Several mitigation strategies were implemented during the fiscal year to address this risk. This included measures to ensure the long-term sustainability of CAS’s workforce by developing an HR strategic plan; launching My CAS Career and Express Staffing; and continued progress on the succession planning strategy and work description review. Training improvements were made including assigning dedicated resources to oversee the strategic review of operational training, and prescribing additional mandatory training for employees. To improve workplace wellness a Triennial Strategic Plan for a Respectful Workplace was approved. In addition, to build resilience within the organization, change management training was provided to the management cadre and employees.
The mitigation strategies adopted were successful in decreasing the likelihood and impact of this risk by the end of 2019–20.
There is a risk of loss, damage or inability to access records of business value or historical jurisprudence which may in turn, impact decision-making.
Several factors drove this risk during the past fiscal year.
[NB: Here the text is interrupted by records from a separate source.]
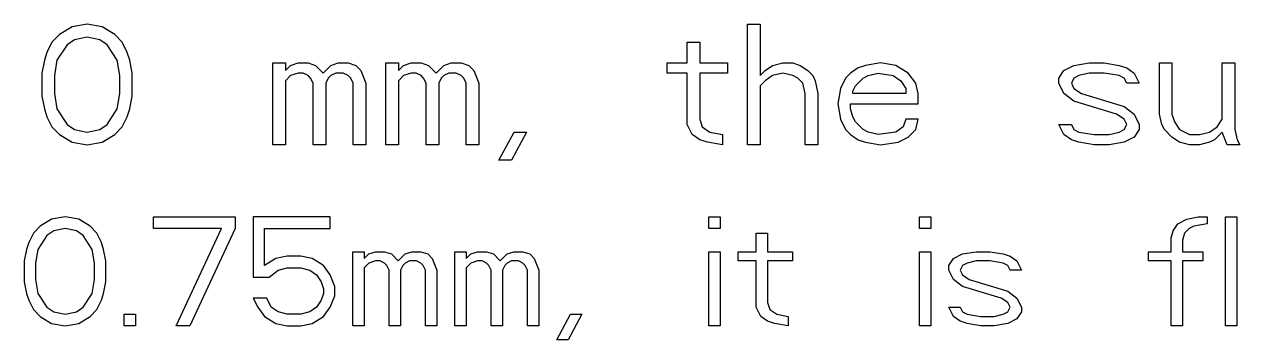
# Model space of a CAD drawing. Header units: millimetres. Extents: x 0 to 594, y 0 to 420.
# Drawn here: x 83.21 to 123.55, y 320.21 to 330.67 of the extents above; entities that cross this region are included whole.
import ezdxf

# ---------------------------------------------------------------- set-up
doc = ezdxf.new("R2010")
doc.units = ezdxf.units.MM
doc.header["$LTSCALE"] = 32.67
doc.layers.add('5_CURVES', color=7, linetype='CONTINUOUS')

msp = doc.modelspace()

# ---------------------------------------------------------------- linework, layer by layer
at = {"layer": '5_CURVES', "color": 7, "linetype": 'CONTINUOUS'}
for p, q in [((84.797, 330.585), (84.381, 330.33)), ((85.297, 330.671), (84.797, 330.585)), ((85.797, 330.585), (85.297, 330.671)), ((86.214, 330.33), (85.797, 330.585)), ((107.214, 326.671), (107.214, 330.671)), ((107.214, 330.671), (107.631, 330.671)), ((107.631, 330.671), (107.631, 328.968)), ((84.131, 330.075), (83.964, 329.734)), ((84.381, 330.33), (84.131, 330.075)), ((84.631, 329.99), (84.297, 329.479)), ((84.881, 330.16), (84.631, 329.99)), ((85.297, 330.245), (84.881, 330.16)), ((85.714, 330.16), (85.297, 330.245)), ((85.964, 329.99), (85.714, 330.16)), ((86.297, 329.479), (85.964, 329.99)), ((86.464, 330.075), (86.214, 330.33)), ((86.631, 329.734), (86.464, 330.075)), ((105.214, 329.394), (105.214, 330.075)), ((105.214, 330.075), (105.631, 330.075)), ((105.631, 330.075), (105.631, 329.394)), ((83.964, 329.734), (83.881, 329.479)), ((86.714, 329.479), (86.631, 329.734)), ((83.881, 329.479), (83.797, 329.054)), ((84.297, 329.479), (84.214, 328.968)), ((86.381, 328.968), (86.297, 329.479)), ((86.797, 329.054), (86.714, 329.479)), ((91.464, 326.671), (91.464, 329.394)), ((91.464, 329.394), (91.881, 329.394)), ((91.881, 329.394), (91.881, 329.139)), ((91.881, 329.139), (92.047, 329.309)), ((92.047, 329.309), (92.297, 329.394)), ((92.297, 329.394), (92.631, 329.394)), ((92.631, 329.394), (92.881, 329.309)), ((92.881, 329.309), (93.131, 329.054)), ((93.131, 329.054), (93.381, 329.309)), ((93.381, 329.309), (93.631, 329.394)), ((93.631, 329.394), (93.964, 329.394)), ((93.964, 329.394), (94.214, 329.309)), ((94.214, 329.309), (94.381, 329.139)), ((94.381, 329.139), (94.547, 328.713)), ((95.214, 326.671), (95.214, 329.394)), ((95.214, 329.394), (95.631, 329.394)), ((95.631, 329.394), (95.631, 329.139)), ((95.631, 329.139), (95.797, 329.309)), ((95.797, 329.309), (96.047, 329.394)), ((96.047, 329.394), (96.381, 329.394)), ((96.381, 329.394), (96.631, 329.309)), ((96.631, 329.309), (96.881, 329.054)), ((96.881, 329.054), (97.131, 329.309)), ((97.131, 329.309), (97.381, 329.394)), ((97.381, 329.394), (97.714, 329.394)), ((97.714, 329.394), (97.964, 329.309)), ((97.964, 329.309), (98.131, 329.139)), ((98.131, 329.139), (98.297, 328.713)), ((104.547, 329.054), (104.547, 329.394)), ((104.547, 329.394), (105.214, 329.394)), ((105.631, 329.394), (106.547, 329.394)), ((106.547, 329.394), (106.547, 329.054)), ((107.631, 328.968), (107.797, 329.139)), ((107.797, 329.139), (108.047, 329.309)), ((108.047, 329.309), (108.381, 329.394)), ((108.381, 329.394), (108.714, 329.394)), ((108.714, 329.394), (108.964, 329.309)), ((108.964, 329.309), (109.214, 329.139)), ((109.214, 329.139), (109.381, 328.968)), ((110.881, 329.224), (110.631, 329.054)), ((111.131, 329.309), (110.881, 329.224)), ((111.631, 329.394), (111.131, 329.309)), ((112.131, 329.309), (111.631, 329.394)), ((112.547, 329.054), (112.131, 329.309)), ((117.547, 328.883), (117.714, 329.139)), ((117.714, 329.139), (118.047, 329.309)), ((118.047, 329.309), (118.547, 329.394)), ((118.547, 329.394), (119.047, 329.394)), ((119.047, 329.394), (119.547, 329.309)), ((119.547, 329.309), (119.797, 329.224)), ((119.797, 329.224), (120.047, 329.054)), ((120.881, 327.692), (120.881, 329.394)), ((120.881, 329.394), (121.297, 329.394)), ((121.297, 329.394), (121.297, 327.692)), ((122.964, 327.522), (122.964, 329.394)), ((122.964, 329.394), (123.381, 329.394)), ((123.381, 329.394), (123.381, 327.181)), ((83.797, 329.054), (83.797, 328.288)), ((84.214, 328.968), (84.214, 328.373)), ((86.381, 328.373), (86.381, 328.968)), ((86.797, 328.288), (86.797, 329.054)), ((92.047, 328.968), (91.881, 328.798)), ((91.881, 328.798), (91.881, 326.671)), ((92.297, 329.054), (92.047, 328.968)), ((92.464, 329.054), (92.297, 329.054)), ((92.631, 328.968), (92.464, 329.054)), ((92.714, 328.883), (92.631, 328.968)), ((92.797, 328.713), (92.714, 328.883)), ((93.297, 328.883), (93.214, 328.713)), ((93.381, 328.968), (93.297, 328.883)), ((93.547, 329.054), (93.381, 328.968)), ((93.797, 329.054), (93.547, 329.054)), ((93.964, 328.968), (93.797, 329.054)), ((94.047, 328.883), (93.964, 328.968)), ((94.131, 328.713), (94.047, 328.883)), ((95.797, 328.968), (95.631, 328.798)), ((95.631, 328.798), (95.631, 326.671)), ((96.047, 329.054), (95.797, 328.968)), ((96.214, 329.054), (96.047, 329.054)), ((96.381, 328.968), (96.214, 329.054)), ((96.464, 328.883), (96.381, 328.968)), ((96.547, 328.713), (96.464, 328.883)), ((97.047, 328.883), (96.964, 328.713)), ((97.131, 328.968), (97.047, 328.883)), ((97.297, 329.054), (97.131, 328.968)), ((97.547, 329.054), (97.297, 329.054)), ((97.714, 328.968), (97.547, 329.054)), ((97.797, 328.883), (97.714, 328.968)), ((97.881, 328.713), (97.797, 328.883)), ((105.214, 329.054), (104.547, 329.054)), ((105.214, 327.351), (105.214, 329.054)), ((105.631, 329.054), (105.631, 327.522)), ((106.547, 329.054), (105.631, 329.054)), ((107.797, 328.798), (107.631, 328.628)), ((108.047, 328.968), (107.797, 328.798)), ((108.381, 329.054), (108.047, 328.968)), ((108.714, 328.968), (108.381, 329.054)), ((108.881, 328.883), (108.714, 328.968)), ((109.047, 328.713), (108.881, 328.883)), ((109.381, 328.968), (109.464, 328.798)), ((109.464, 328.798), (109.547, 328.373)), ((110.464, 328.883), (110.297, 328.543)), ((110.631, 329.054), (110.464, 328.883)), ((110.797, 328.628), (111.047, 328.883)), ((111.047, 328.883), (111.214, 328.968)), ((111.214, 328.968), (111.547, 329.054)), ((111.547, 329.054), (112.047, 328.968)), ((112.047, 328.968), (112.297, 328.798)), ((112.297, 328.798), (112.464, 328.543)), ((112.797, 328.713), (112.547, 329.054)), ((117.547, 328.713), (117.547, 328.883)), ((118.047, 328.883), (117.964, 328.713)), ((118.214, 328.968), (118.047, 328.883)), ((118.547, 329.054), (118.214, 328.968)), ((119.047, 329.054), (118.547, 329.054)), ((119.547, 328.968), (119.047, 329.054)), ((119.714, 328.883), (119.547, 328.968)), ((119.797, 328.713), (119.714, 328.883)), ((120.047, 329.054), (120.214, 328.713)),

These included the absence of backup for paper court records; a lack of resources to safeguard original document in an alternative format; the potential impact of the loss of information of business value; the precedent-setting nature and historical importance of information held by CAS; and repeated public demands for electronic services and the corresponding need to share information electronically.
This risk was mitigated through the continued rollout and onboarding of staff to the corporate document management system to allow for better storage, management and access to corporate documents; and conducting thorough business analysis to assess the feasibility of implementing a digitization system for better management and preservation of the Courts’ paper records.
The mitigation strategies adopted were successful in decreasing the likelihood and impact of this risk by the end of 2019–20.
There is a risk that the security of information and IT infrastructure could be compromised.
CAS’s IT security risk was driven in 2019–20 by several factors including the increase in the number of files that are sensitive; the ongoing need for enabling infrastructure and tools to support security, confidentiality, integrity and privacy of information; the need to protect the safety and security of the critical IT infrastructure of the Courts and CAS; repeated calls for e-service in doing business with the Courts; results of various assessments of CAS’s network, architecture and computing environment conducted over the past few years; and the emergence of new technology (including Artificial Intelligence and quantum computing).
To mitigate this risk, CAS continued to implement a number of projects and activities that improve the organization’s security posture vis-à-vis the CSE Top 10 IT Security Actions.
The mitigation strategies adopted were successful in decreasing the likelihood and impact of this risk by the end of 2019–20.
There is a risk that the physical security of the members of Courts, court users, employees and facilities could be compromised.
The evolving security requirements and the results of a number of threat analyses continued to drive this risk in 2019–20.
A variety of mitigation strategies were implemented over the course of 2019–20 to respond to this risk. These included completing the national TRA of the federal courts system; continuous evolution and adjustment of the security posture in accordance with security risks identified; finalizing operational contingency plans to complement CAS’s BCP; and maintaining solid partnerships that strategically position the organization within various high-level committees that enhance security-related initiatives.
The mitigation strategies adopted were successful in decreasing the likelihood and impact of this risk by the end of 2019–20.